And to add to the confusion, the offer document of the first Internet fund from Kothari Pioneer also classifies Zee Telefilms as a convergence play.
The justification in its draft offer letter is "Zee Telefilms, the company that operates the popular Indian satellite channel is positioning itself for convergence of the Internet with other forms of media. Zee's subsidiary, SitiCable has a cable network covering several cities. Many of the users of this network will soon have high-speed access to the Internet. Zee has a rich library of content produced for TV, which can be converted to be accessed through the Internet. Zee's strategy of farming out production makes it less capital intensive and lowers the risk profile of the company."
Not only this, even the definition of the financial conglomerate the ICICI group has been tortured to justify as an Internet play. The rationale: The group has made major forays to facilitate electronic financial transactions. ICICI Bank was one of the first Indian banks to allow customers to query and carry out a limited range of financial transactions through the Internet. The ICICI group, either directly or through joint ventures, is likely to facilitate e-commerce in financial services covering areas like banking, depository services and stock trading.

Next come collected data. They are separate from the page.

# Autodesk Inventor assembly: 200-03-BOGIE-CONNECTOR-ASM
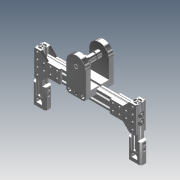
[picture p0: Inventor's stored thumbnail of the model, 180x180]
Saved by Autodesk Inventor 2018.2 (Build 222227000, 227)
## iProperties
Manager: feesmrt
Company: FRANCOR
Created: 2017-12-19
Part Number: 200-03-BOGIE-CONNECTOR-ASM
Project: Rescue Robot
Cost Center: -
Material: Generisch
Document SubType Name: Assembly
Designer: feesmrt
Engineer: feesmrt
Authority: feesmrt
Description: Bogie Connector
Stock Number: 200-03-BOGIE-CONNECTOR-ASM-L
Subject: Rescue Robot
Author: feesmrt
Revision Number: 1
Title: Bogie Connector
## Documents named in this file (5)
- D:\Programmierung\FRANC0R\CAD\02-Rocker-Bogie-Robot\200-ROCKER-BOGIE\200-03-BOGIE-CONNECTOR-ASM.iam
- D:\Programmierung\FRANC0R\CAD\02-Rocker-Bogie-Robot\200-ROCKER-BOGIE\200-40-BOGIE-CONNECTOR\200-40-BOGIE-CONNECTOR-ASM-01.iam
- D:\Programmierung\FRANC0R\CAD\02-Rocker-Bogie-Robot\200-ROCKER-BOGIE\200-50-WHEEL-CONNECTOR\200-50-WHEEL-CONNECTOR-20MM-ASM-01.iam
- D:\Programmierung\FRANC0R\CAD\02-Rocker-Bogie-Robot\900-COMPONENTS\900-40-SCREWS\900-40-SCREWS-DIN7984_M6x30.ipt
- D:\Programmierung\FRANC0R\CAD\02-Rocker-Bogie-Robot\900-COMPONENTS\900-80-WASHERS\900-80-WASHERS-DIN9021-M6.ipt
## Components (11 placed, 4 different names)
1. 200-40-BOGIE-CONNECTOR-ASM-01:1 [sub-assembly] — Passend:1, Fluchtend:1, Passend:2, Fluchtend:2, Passend:3, Passend:4, Passend:7, Passend:9, Passend:11, Passend:12, Passend:15, Passend:18, Passend:19, Passend:20
2. 200-50-WHEEL-CONNECTOR-20MM-ASM-01:1 [sub-assembly] — Passend:1, Fluchtend:1, Passend:2
3. 200-50-WHEEL-CONNECTOR-20MM-ASM-01:2 [sub-assembly] — Fluchtend:2, Passend:3, Passend:4
4. 900-40-SCREWS-DIN7984_M6x30:1 — Passend:5, Passend:8, Passend:9
5. 900-40-SCREWS-DIN7984_M6x30:2 — Passend:6, Passend:10, Passend:11
6. 900-40-SCREWS-DIN7984_M6x30:3 — Passend:13, Passend:16, Passend:19
7. 900-40-SCREWS-DIN7984_M6x30:4 — Passend:14, Passend:17, Passend:20
8. 900-80-WASHERS-DIN9021-M6:1 — Passend:5, Passend:7, Passend:8
9. 900-80-WASHERS-DIN9021-M6:2 — Passend:6, Passend:10, Passend:12
10. 900-80-WASHERS-DIN9021-M6:3 — Passend:13, Passend:15, Passend:16
11. 900-80-WASHERS-DIN9021-M6:4 — Passend:14, Passend:17, Passend:18
## Relationships (22: Mate 20, Flush 2)
- Passend:1 [Mate]: 200-40-BOGIE-CONNECTOR-ASM-01:1 ↔ 200-50-WHEEL-CONNECTOR-20MM-ASM-01:1
- Fluchtend:1 [Flush]: 200-40-BOGIE-CONNECTOR-ASM-01:1 ↔ 200-50-WHEEL-CONNECTOR-20MM-ASM-01:1
- Passend:2 [Mate]: 200-40-BOGIE-CONNECTOR-ASM-01:1 ↔ 200-50-WHEEL-CONNECTOR-20MM-ASM-01:1
- Fluchtend:2 [Flush]: 200-40-BOGIE-CONNECTOR-ASM-01:1 ↔ 200-50-WHEEL-CONNECTOR-20MM-ASM-01:2
- Passend:3 [Mate]: 200-40-BOGIE-CONNECTOR-ASM-01:1 ↔ 200-50-WHEEL-CONNECTOR-20MM-ASM-01:2
- Passend:4 [Mate]: 200-40-BOGIE-CONNECTOR-ASM-01:1 ↔ 200-50-WHEEL-CONNECTOR-20MM-ASM-01:2
- Passend:5 [Mate]: 900-40-SCREWS-DIN7984_M6x30:1 ↔ 900-80-WASHERS-DIN9021-M6:1
- Passend:6 [Mate]: 900-40-SCREWS-DIN7984_M6x30:2 ↔ 900-80-WASHERS-DIN9021-M6:2
- Passend:7 [Mate]: 200-40-BOGIE-CONNECTOR-ASM-01:1 ↔ 900-80-WASHERS-DIN9021-M6:1
- Passend:8 [Mate]: 900-40-SCREWS-DIN7984_M6x30:1 ↔ 900-80-WASHERS-DIN9021-M6:1
- Passend:9 [Mate]: 200-40-BOGIE-CONNECTOR-ASM-01:1 ↔ 900-40-SCREWS-DIN7984_M6x30:1
- Passend:10 [Mate]: 900-40-SCREWS-DIN7984_M6x30:2 ↔ 900-80-WASHERS-DIN9021-M6:2
- Passend:11 [Mate]: 200-40-BOGIE-CONNECTOR-ASM-01:1 ↔ 900-40-SCREWS-DIN7984_M6x30:2
- Passend:12 [Mate]: 200-40-BOGIE-CONNECTOR-ASM-01:1 ↔ 900-80-WASHERS-DIN9021-M6:2
- Passend:13 [Mate]: 900-40-SCREWS-DIN7984_M6x30:3 ↔ 900-80-WASHERS-DIN9021-M6:3
- Passend:14 [Mate]: 900-40-SCREWS-DIN7984_M6x30:4 ↔ 900-80-WASHERS-DIN9021-M6:4
- Passend:15 [Mate]: 200-40-BOGIE-CONNECTOR-ASM-01:1 ↔ 900-80-WASHERS-DIN9021-M6:3
- Passend:16 [Mate]: 900-40-SCREWS-DIN7984_M6x30:3 ↔ 900-80-WASHERS-DIN9021-M6:3
- Passend:17 [Mate]: 900-40-SCREWS-DIN7984_M6x30:4 ↔ 900-80-WASHERS-DIN9021-M6:4
- Passend:18 [Mate]: 200-40-BOGIE-CONNECTOR-ASM-01:1 ↔ 900-80-WASHERS-DIN9021-M6:4
- Passend:19 [Mate]: 200-40-BOGIE-CONNECTOR-ASM-01:1 ↔ 900-40-SCREWS-DIN7984_M6x30:3
- Passend:20 [Mate]: 200-40-BOGIE-CONNECTOR-ASM-01:1 ↔ 900-40-SCREWS-DIN7984_M6x30:4
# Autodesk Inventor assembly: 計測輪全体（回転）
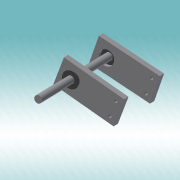
[picture p0: Inventor's stored thumbnail of the model, 180x180]
Saved by Autodesk Inventor 2015 (Build 190159000, 159)
## iProperties
Created: 2016-03-21
Part Number: 計測輪全体（回転）
Document SubType Name: Assembly
Designer: buzztaka
Author: buzztaka
## Documents named in this file (4)
- C:\Users\buzztaka\Documents\tukuba\i-cart-middle_3d-model\計測輪アセンブル\計測輪全体（回転）.iam
- C:\Users\buzztaka\Documents\tukuba\i-cart-middle_3d-model\計測輪アセンブル\回転軸取り付け板.ipt
- C:\Users\buzztaka\Documents\tukuba\i-cart-middle_3d-model\計測輪アセンブル\C-SFL6901ZZ.ipt
- C:\Users\buzztaka\Documents\tukuba\i-cart-middle_3d-model\計測輪アセンブル\回転軸.ipt
## Components (5 placed, 3 different names)
1. 回転軸取り付け板:1
2. C-SFL6901ZZ:1
3. 回転軸取り付け板:2
4. C-SFL6901ZZ:2
5. 回転軸:1
## Relationships (4: Insert 4)
- [Insert]: 回転軸取り付け板:1 ↔ C-SFL6901ZZ:1
- [Insert]: 回転軸取り付け板:2 ↔ C-SFL6901ZZ:2
- [Insert] (10 mm): C-SFL6901ZZ:2 ↔ 回転軸:1
- [Insert] (-105 mm): C-SFL6901ZZ:1 ↔ 回転軸:1
## Named parameters: d0_d2 = 10 mm, d1_d3 = -105 mm, d1_d0 = 0 mm

This initiative is likely to create a long-term competitive advantage for the group, as easier and less expensive product delivery, streamlined back-office, and a higher level customer service makes the whole experience of financial transaction easier and more convenient for its clients.
The currently open - Prudential ICICI Technology Fund proposes to invest in technology intensive sectors. And its definition includes software service and products, hardware, e-commerce, Internet, telecommunications, media, life sciences (including pharma, health management services and agrochemicals) and research & development companies and laboratories. Though the fund has highlighted the sectors of information technology, telecom, media and life sciences as the investment universe, these may not be the only technology intensive industries, or for that matter companies, carrying on research and development. With a not-so-specific definition, there is enough room for other sectors to find a place in the portfolio.
Unit Trust of India has five growth sector funds - Brand Value, Pharma & Healthcare, Software, Services Sector and Petro Fund. Of these Pharma, Software and Petro are clearly defined and the nomenclature is self-explanatory. But the Brand Value and Services Sector funds can include almost any company.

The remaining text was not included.